::: EXTRACTED DATA

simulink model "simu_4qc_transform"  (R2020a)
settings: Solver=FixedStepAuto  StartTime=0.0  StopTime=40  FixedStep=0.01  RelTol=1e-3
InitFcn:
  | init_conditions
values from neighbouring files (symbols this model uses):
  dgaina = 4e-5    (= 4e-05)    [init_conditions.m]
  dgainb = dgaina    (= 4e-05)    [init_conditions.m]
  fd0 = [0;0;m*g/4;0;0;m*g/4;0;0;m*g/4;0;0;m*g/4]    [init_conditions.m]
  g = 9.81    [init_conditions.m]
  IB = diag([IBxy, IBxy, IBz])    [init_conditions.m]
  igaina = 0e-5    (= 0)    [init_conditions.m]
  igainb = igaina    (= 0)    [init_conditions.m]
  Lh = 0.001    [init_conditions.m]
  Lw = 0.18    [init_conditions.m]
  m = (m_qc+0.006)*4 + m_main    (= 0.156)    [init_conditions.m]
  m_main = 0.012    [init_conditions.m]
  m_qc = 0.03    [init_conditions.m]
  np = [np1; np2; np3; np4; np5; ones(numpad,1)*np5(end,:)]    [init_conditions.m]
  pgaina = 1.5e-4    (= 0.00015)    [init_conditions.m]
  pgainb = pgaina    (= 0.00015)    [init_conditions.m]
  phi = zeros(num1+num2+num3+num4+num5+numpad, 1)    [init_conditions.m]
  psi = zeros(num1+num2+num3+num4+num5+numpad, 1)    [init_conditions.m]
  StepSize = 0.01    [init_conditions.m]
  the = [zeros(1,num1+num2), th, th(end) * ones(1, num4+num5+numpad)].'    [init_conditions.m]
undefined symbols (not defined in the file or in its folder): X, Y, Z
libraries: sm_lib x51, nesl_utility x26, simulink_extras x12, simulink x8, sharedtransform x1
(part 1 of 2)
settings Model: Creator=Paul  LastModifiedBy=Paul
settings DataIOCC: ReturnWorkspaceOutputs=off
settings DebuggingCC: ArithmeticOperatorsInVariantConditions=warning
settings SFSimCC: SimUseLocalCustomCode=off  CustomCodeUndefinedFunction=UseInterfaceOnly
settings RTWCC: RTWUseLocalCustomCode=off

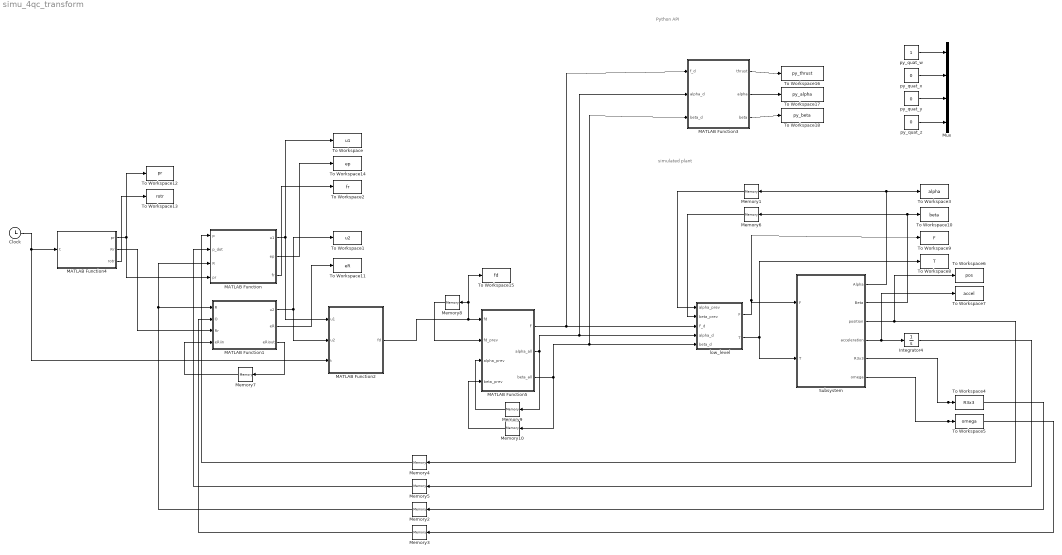
== system simu_4qc_transform ==
  note: Python API
  note: simulated plant
  Clock : Clock
  Integrator4 : Integrator  InitialCondition=[0;0;0]
  MATLAB Function : MATLAB Function  TreatAsAtomicUnit=on
  MATLAB Function1 : MATLAB Function  TreatAsAtomicUnit=on
  MATLAB Function2 : MATLAB Function  TreatAsAtomicUnit=on
  MATLAB Function3 : MATLAB Function  TreatAsAtomicUnit=on
  MATLAB Function4 : MATLAB Function  TreatAsAtomicUnit=on
  MATLAB Function5 : MATLAB Function  TreatAsAtomicUnit=on
  Memory{1,6,9..10} (4 alike) : Memory  InitialCondition=[0;0;0;0]
  Memory2 : Memory  InitialCondition=eye(3)
  Memory{3..5,7} (4 alike) : Memory  InitialCondition=[0;0;0]
  Memory8 : Memory  InitialCondition=fd0
  Mux : Mux
  Subsystem : Subsystem
  To Workspace : ToWorkspace  VariableName=u1  SaveFormat=Timeseries  SampleTime=-1
  To Workspace1 : ToWorkspace  VariableName=u2  SaveFormat=Timeseries  SampleTime=-1
  To Workspace10 : ToWorkspace  VariableName=beta  SaveFormat=Timeseries  SampleTime=-1
  To Workspace11 : ToWorkspace  VariableName=eR  SaveFormat=Timeseries  SampleTime=-1
  To Workspace12 : ToWorkspace  VariableName=pr  SaveFormat=Timeseries  SampleTime=-1
  To Workspace13 : ToWorkspace  VariableName=rotr  SaveFormat=Timeseries  SampleTime=-1
  To Workspace14 : ToWorkspace  VariableName=ep  SaveFormat=Timeseries  SampleTime=-1
  To Workspace15 : ToWorkspace  VariableName=fd  SaveFormat=Timeseries  SampleTime=-1
  To Workspace16 : ToWorkspace  VariableName=py_thrust  SampleTime=-1
      settings: Save2DSignal=2-D array (concatenate along first dimension)
  To Workspace17 : ToWorkspace  VariableName=py_alpha  SampleTime=-1
      settings: Save2DSignal=2-D array (concatenate along first dimension)
  To Workspace18 : ToWorkspace  VariableName=py_beta  SampleTime=-1
      settings: Save2DSignal=2-D array (concatenate along first dimension)
  To Workspace2 : ToWorkspace  VariableName=fr  SaveFormat=Timeseries  SampleTime=-1
  To Workspace3 : ToWorkspace  VariableName=alpha  SaveFormat=Timeseries  SampleTime=-1
  To Workspace4 : ToWorkspace  VariableName=R3x3  SaveFormat=Timeseries  SampleTime=-1
  To Workspace5 : ToWorkspace  VariableName=omega  SaveFormat=Timeseries  SampleTime=-1
  To Workspace6 : ToWorkspace  VariableName=pos  SaveFormat=Timeseries  SampleTime=-1
  To Workspace7 : ToWorkspace  VariableName=accel  SaveFormat=Timeseries  SampleTime=-1
  To Workspace8 : ToWorkspace  VariableName=T  SaveFormat=Timeseries  SampleTime=-1
  To Workspace9 : ToWorkspace  VariableName=F  SaveFormat=Timeseries  SampleTime=-1
  low_level : Subsystem
  py_quat_w : Constant
  py_quat_x : Constant  Value=0
  py_quat_y : Constant  Value=0
  py_quat_z : Constant  Value=0
  wires:
  MATLAB Function/1(u1) -> MATLAB Function2/1(u1), To Workspace/1
  MATLAB Function1/1(u2) -> MATLAB Function2/2(u2), To Workspace1/1
  Subsystem/5(R3x3) -> To Workspace4/1, Memory2/1
  Memory2/1 -> MATLAB Function1/1(R), MATLAB Function/3(R)
  Subsystem/6(omega) -> To Workspace5/1, Memory3/1
  Memory3/1 -> MATLAB Function1/2(O)
  Memory4/1 -> MATLAB Function/1(p)
  Memory5/1 -> MATLAB Function/2(p_dot)
  Subsystem/3(position) -> Memory4/1, To Workspace6/1
  Subsystem/4(acceleration) -> Integrator4/1, To Workspace7/1
  Integrator4/1 -> Memory5/1
  Clock/1 -> MATLAB Function2/3(t), MATLAB Function4/1(t)
  MATLAB Function4/1(pr) -> MATLAB Function/4(pr), To Workspace12/1
  MATLAB Function4/2(Rr) -> MATLAB Function1/3(Rr)
  MATLAB Function/3(fr) -> To Workspace2/1
  low_level/1(F) -> To Workspace9/1, Subsystem/1(F)
  low_level/2(T) -> To Workspace8/1, Subsystem/2(T)
  Subsystem/1(Alpha) -> To Workspace3/1, Memory1/1
  Subsystem/2(Beta) -> Memory6/1, To Workspace10/1
  Memory1/1 -> low_level/1(alpha_prev)
  Memory6/1 -> low_level/2(beta_prev)
  MATLAB Function1/2(eR) -> To Workspace11/1
  MATLAB Function4/3(rotr) -> To Workspace13/1
  MATLAB Function/2(ep) -> To Workspace14/1
  MATLAB Function1/3(eRiout) -> Memory7/1
  Memory7/1 -> MATLAB Function1/4(eRiin)
  Memory10/1 -> MATLAB Function5/4(beta_prev)
  Memory8/1 -> MATLAB Function5/2(fd_prev)
  MATLAB Function5/3(beta_all) -> MATLAB Function3/3(beta_d), low_level/5(beta_d), Memory10/1
  MATLAB Function5/2(alpha_all) -> MATLAB Function3/2(alpha_d), low_level/4(alpha_d), Memory9/1
  Memory9/1 -> MATLAB Function5/3(alpha_prev)
  MATLAB Function2/1(fd) -> To Workspace15/1, Memory8/1, MATLAB Function5/1(fd)
  MATLAB Function5/1(F) -> MATLAB Function3/1(f_d), low_level/3(F_d)
  MATLAB Function3/1(thrust) -> To Workspace16/1
  MATLAB Function3/2(alpha) -> To Workspace17/1
  MATLAB Function3/3(beta) -> To Workspace18/1
  py_quat_w/1 -> Mux/1
  py_quat_x/1 -> Mux/2
  py_quat_y/1 -> Mux/3
  py_quat_z/1 -> Mux/4

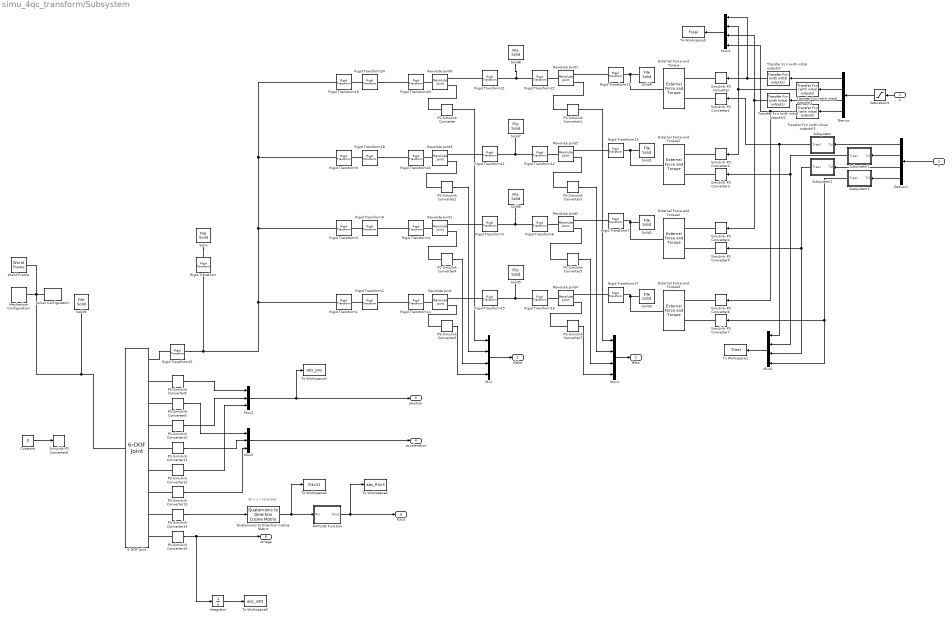
== system simu_4qc_transform/Subsystem ==
  note: all x y z reversed
  F : Inport
  T : Inport  Port=2
  6-DOF Joint : sm_lib/Joints/6-DOF Joint  JointMode=Normal  SenseConstraintForce=off  SenseConstraintForceX=off  SenseConstraintForceY=off  SenseConstraintForceZ=off  SenseConstraintTorque=off  SenseConstraintTorqueX=off  SenseConstraintTorqueY=off  SenseConstraintTorqueZ=off  SenseTotalForce=off  SenseTotalForceX=off  SenseTotalForceY=off  SenseTotalForceZ=off  SenseTotalTorque=off  SenseTotalTorqueX=off  SenseTotalTorqueY=off  SenseTotalTorqueZ=off  CompositeWrenchDir=FollowerOnBase  CompositeWrenchFrame=BaseFrame  PxEquilibriumPosition=0  PxEquilibriumPositionUnits=m  PxSpringStiffness=0  PxSpringStiffnessUnits=N/m  PxDampingCoefficient=0  PxDampingCoefficientUnits=N/(m/s)  PxTorqueActuationMode=NoTorque  PxMotionActuationMode=ComputedMotion  PxSensePosition=on  PxSenseVelocity=off  PxSenseAcceleration=on  PxSenseTorqueForce=off  PxSenseLowerLimitTorqueForce=off  PxSenseUpperLimitTorqueForce=off  PxLowerLimitSpecify=off  PxLowerLimitBound=-1  PxLowerLimitBoundUnits=m  PxLowerLimitStiffness=1e6  PxLowerLimitStiffnessUnits=N/m  PxLowerLimitDamping=1e3  PxLowerLimitDampingUnits=N/(m/s)  PxLowerLimitTransitionRegionWidth=1e-4  PxLowerLimitTransitionRegionWidthUnits=m  PxUpperLimitSpecify=off  PxUpperLimitBound=1  PxUpperLimitBoundUnits=m  PxUpperLimitStiffness=1e6  PxUpperLimitStiffnessUnits=N/m  PxUpperLimitDamping=1e3  PxUpperLimitDampingUnits=N/(m/s)  PxUpperLimitTransitionRegionWidth=1e-4  PxUpperLimitTransitionRegionWidthUnits=m  PxPositionTargetSpecify=off  PxPositionTargetPriority=High  PxPositionTargetValue=0  PxPositionTargetValueUnits=m  PxVelocityTargetSpecify=off  PxVelocityTargetPriority=High  PxVelocityTargetValue=0  PxVelocityTargetValueUnits=m/s  PyEquilibriumPosition=0  PyEquilibriumPositionUnits=m  PySpringStiffness=0  PySpringStiffnessUnits=N/m  PyDampingCoefficient=0  PyDampingCoefficientUnits=N/(m/s)  PyTorqueActuationMode=NoTorque  PyMotionActuationMode=ComputedMotion  PySensePosition=on  PySenseVelocity=off  PySenseAcceleration=on  PySenseTorqueForce=off  PySenseLowerLimitTorqueForce=off  PySenseUpperLimitTorqueForce=off  PyLowerLimitSpecify=off  PyLowerLimitBound=-1  PyLowerLimitBoundUnits=m  PyLowerLimitStiffness=1e6  PyLowerLimitStiffnessUnits=N/m  PyLowerLimitDamping=1e3  PyLowerLimitDampingUnits=N/(m/s)  PyLowerLimitTransitionRegionWidth=1e-4  PyLowerLimitTransitionRegionWidthUnits=m  PyUpperLimitSpecify=off  PyUpperLimitBound=1  PyUpperLimitBoundUnits=m  PyUpperLimitStiffness=1e6  PyUpperLimitStiffnessUnits=N/m  PyUpperLimitDamping=1e3  PyUpperLimitDampingUnits=N/(m/s)  PyUpperLimitTransitionRegionWidth=1e-4  PyUpperLimitTransitionRegionWidthUnits=m  PyPositionTargetSpecify=off  PyPositionTargetPriority=High  PyPositionTargetValue=0  PyPositionTargetValueUnits=m  PyVelocityTargetSpecify=off  PyVelocityTargetPriority=High  PyVelocityTargetValue=0  PyVelocityTargetValueUnits=m/s  PzEquilibriumPosition=0  PzEquilibriumPositionUnits=m  PzSpringStiffness=0  PzSpringStiffnessUnits=N/m  PzDampingCoefficient=0  PzDampingCoefficientUnits=N/(m/s)  PzTorqueActuationMode=NoTorque  PzMotionActuationMode=ComputedMotion  PzSensePosition=on  PzSenseVelocity=off  PzSenseAcceleration=on  PzSenseTorqueForce=off  PzSenseLowerLimitTorqueForce=off  PzSenseUpperLimitTorqueForce=off  PzLowerLimitSpecify=off  PzLowerLimitBound=-1  PzLowerLimitBoundUnits=m  PzLowerLimitStiffness=1e6  PzLowerLimitStiffnessUnits=N/m  PzLowerLimitDamping=1e3  PzLowerLimitDampingUnits=N/(m/s)  PzLowerLimitTransitionRegionWidth=1e-4  PzLowerLimitTransitionRegionWidthUnits=m  PzUpperLimitSpecify=off  PzUpperLimitBound=1  PzUpperLimitBoundUnits=m  PzUpperLimitStiffness=1e6  PzUpperLimitStiffnessUnits=N/m  PzUpperLimitDamping=1e3  PzUpperLimitDampingUnits=N/(m/s)  PzUpperLimitTransitionRegionWidth=1e-4  PzUpperLimitTransitionRegionWidthUnits=m  PzPositionTargetSpecify=off  PzPositionTargetPriority=High  PzPositionTargetValue=0  PzPositionTargetValueUnits=m  PzVelocityTargetSpecify=off  PzVelocityTargetPriority=High  PzVelocityTargetValue=0  PzVelocityTargetValueUnits=m/s  SphDefPosRotationMethod=None  SphDefPosRotationAngleUnits=deg  SphDefPosRotationStandardAxis=+Z  SphDefPosRotationAngle=0.0  SphDefPosRotationArbitraryAxis=[0 0 1]  SphDefPosFollAlignAxisA=+X  SphDefPosBaseAlignAxisA=+Y  SphDefPosFollAlignAxisB=+Y  SphDefPosBaseAlignAxisB=+Z  SphDefPosRotationSequenceAxes=FollowerAxes  SphDefPosRotationSequence=XYX  SphDefPosRotationSequenceAngles=[0 0 0]  SphDefPosRotationSequenceAnglesUnits=deg  SphDefPosRotationMatrix=[1 0 0; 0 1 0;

::::::

Starting at the first line of the data above, retype each line exactly until you reach the line containing "dgainb = dgaina", and include that line too.

simulink model "simu_4qc_transform"  (R2020a)
settings: Solver=FixedStepAuto  StartTime=0.0  StopTime=40  FixedStep=0.01  RelTol=1e-3
InitFcn:
  | init_conditions
values from neighbouring files (symbols this model uses):
  dgaina = 4e-5    (= 4e-05)    [init_conditions.m]
  dgainb = dgaina    (= 4e-05)    [init_conditions.m]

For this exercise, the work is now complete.